【10月28日 AFP】インドの首都ニューデリーで27日、数千人のヒンズー教徒が太陽に祈りをささげる祭り「チャートプジャ」の一環で、ヤムナ川で沐浴(もくよく)を行った。しかし、インドで最も神聖な川の一つとされるヤムナ川は深刻な汚染に苦しんでおり、政治的な対立も引き起こしている。

夕暮れ時、信者たちは沈む太陽に祈りをささげるため、茶色く濁った川の水に腰まで浸かり、太陽神スーリヤに祈りをささげた。しかし例年とは異なり、今年はヤムナ川の象徴ともなっていた厚い白い泡は見られなかった。

沐浴に訪れていたデビさん(35)は「汚れていても、今回は川のように感じる」と話し、「以前は汚い排水溝に入るような感じだった」と続けた。

ガンジス川の主要な支流であるヤムナ川では、深刻な汚染が続いている。

南デリーで2021年に行われた検査では、糞便由来の細菌のレベルが安全な基準を8800倍も超えていた。

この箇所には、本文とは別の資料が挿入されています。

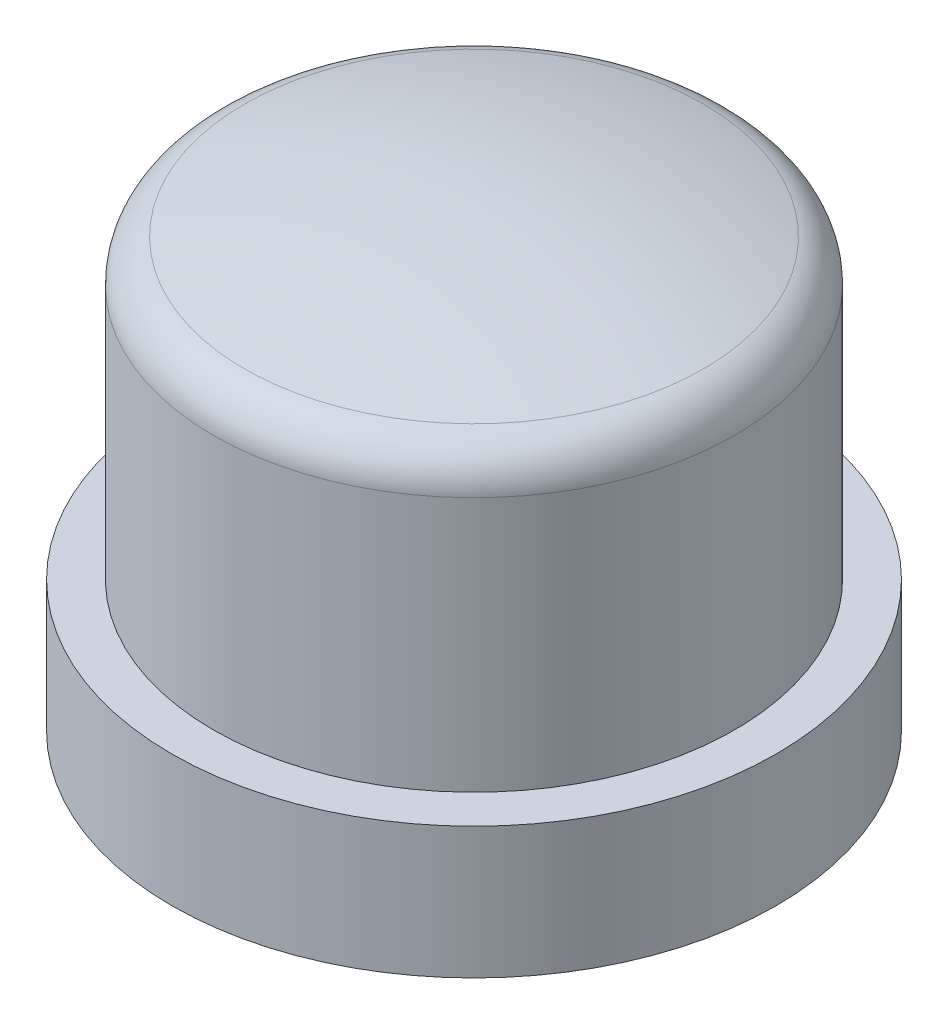
from build123d import *

# Parameters (mm, degrees)
MOVE_FACE2_BY                   = 0.025
DOME1_FACE_RADIUS               = 2.975
DOME1_HEIGHT                    = 0.5
FILLET1_R                       = 0.5
SKETCH2_R                       = 0.75
BOSS_EXTRUDE1_DEPTH             = 3.45
SKETCH3_W                       = 4
SKETCH3_H                       = 1
EXTRUDE_THIN1_DEPTH             = 3.45
MOVE_FACE1_BY                   = 0.05
BOSS_EXTRUDE2_REACH             = 8.95
SKETCH4_R                       = 2
BOSS_EXTRUDE2_DIRECTION_2_REACH = 8.95


with BuildPart() as part:
    # Sketch1 → Revolve1 (revolve)
    with BuildSketch(Plane(origin=(0, 0, 0), x_dir=(0, 0, -1), z_dir=(1, 0, 0))):
        Polygon((0, 2.236067977), (3, 2.236067977), (3, -1.039151263), (3.5, -1.039151263), (3.5, -2.539151263), (2, -2.539151263), (2, 1.236067977), (0, 1.236067977), align=None)
    revolve(axis=Axis((0, 1.236067977, 0), (0, 1, 0)))

    # Move Face2: a curved face moved inward by 0.025
    add(Solid.thicken(part.faces().sort_by_distance((0, 0.598458357, 3))[0], -MOVE_FACE2_BY), mode=Mode.SUBTRACT)

    # Dome1: a dome of height H over a round flat face of radius A is a cap of a sphere of radius (A * A + H * H) / (2 * H)
    dome1_r = (DOME1_FACE_RADIUS * DOME1_FACE_RADIUS + DOME1_HEIGHT * DOME1_HEIGHT) / (2 * DOME1_HEIGHT)
    dome1_base = Plane((0, 2.236067977, 0), z_dir=(0, 1, 0))
    with Locations(dome1_base.offset(DOME1_HEIGHT - dome1_r)):
        dome1_ball = Sphere(dome1_r, mode=Mode.PRIVATE)
    add(split(dome1_ball, bisect_by=dome1_base, keep=Keep.TOP, mode=Mode.PRIVATE))

    # Fillet1
    fillet1_edges = [part.edges().sort_by_distance(p)[0] for p in [
        (2.975, 2.236067977, 0),
    ]]
    fillet(fillet1_edges, radius=FILLET1_R)

    # Sketch2 → Boss-Extrude1 (add)
    with BuildSketch(Plane.XZ.offset(-1.236067977)):
        with Locations(Location((0, 0, 0), (0, 0, 90))):
            Circle(SKETCH2_R)
    extrude(amount=BOSS_EXTRUDE1_DEPTH)

    # Sketch3 → Extrude-Thin1 (add)
    with BuildSketch(Plane.XZ.offset(2.213932023)):
        Rectangle(SKETCH3_W, SKETCH3_H)
    extrude(amount=-EXTRUDE_THIN1_DEPTH)

    # Move Face1: a curved face moved inward by 0.05
    add(Solid.thicken(part.faces().sort_by_distance((0, -1.789151263, 3.5))[0], -MOVE_FACE1_BY), mode=Mode.SUBTRACT)

    # Sketch4 → Boss-Extrude2 (add, up to next)
    with BuildSketch(Plane.XZ.offset(2.213932023), mode=Mode.PRIVATE) as boss_extrude2_sk1:
        Circle(SKETCH4_R)
    boss_extrude2_tool1 = extrude(boss_extrude2_sk1.sketch, amount=-BOSS_EXTRUDE2_REACH, mode=Mode.PRIVATE) - part.part
    add(boss_extrude2_tool1.solids().sort_by_distance((0, -2.213932, 0))[0])
    add(boss_extrude2_tool1.solids().sort_by_distance((0, -2.213932, 0))[1])

    # Boss-Extrude2 direction 2: up to this face of the body (flat: up to its plane)
    boss_extrude2_direction_2_end = Plane(part.part.faces().sort_by_distance((0, -2.539151263, 3.352419264))[0])
    # Sketch4 → Boss-Extrude2 direction 2 (add, up to the picked face)
    with BuildSketch(Plane.XZ.offset(2.213932023), mode=Mode.PRIVATE) as boss_extrude2_direction_2_sk1:
        Circle(SKETCH4_R)
    boss_extrude2_direction_2_tool1 = split(extrude(boss_extrude2_direction_2_sk1.sketch, amount=BOSS_EXTRUDE2_DIRECTION_2_REACH, mode=Mode.PRIVATE), bisect_by=boss_extrude2_direction_2_end, keep=Keep.BOTH, mode=Mode.PRIVATE)
    add(boss_extrude2_direction_2_tool1.solids().sort_by(Axis((0, -2.213932, 0), (0, -1, 0)))[0])


solid = part.part

今年初めに行われたデリー首都圏議会選挙では、ヤムナ川の汚染が主要な争点となり、川の浄化を公約の一つに掲げたナレンドラ・モディ首相率いるインド人民党(BJP)が勝利した。

今年のチャートプジャについて、デリー首都圏政府のレカ・グプタ首相は「政府の努力のおかげで、久しぶりにヤムナ川の岸辺で太陽を拝むことができる」と語った。

「今や水生生物も生息できる状態になっている。以前は蚊さえも生きられなかった」と記者団に対し述べた。

しかし、野党指導者らは浄化が「見せかけ」だと批判し、泡を消すために薬品が使われ、汚染の根本原因である未処理の下水や工業排水には対処できていないと指摘している。

今月初めに行われた水質分析では、糞便性細菌の数値は昨年より低下していたが、ほとんどの地点で安全とは言えない水準であることが示された。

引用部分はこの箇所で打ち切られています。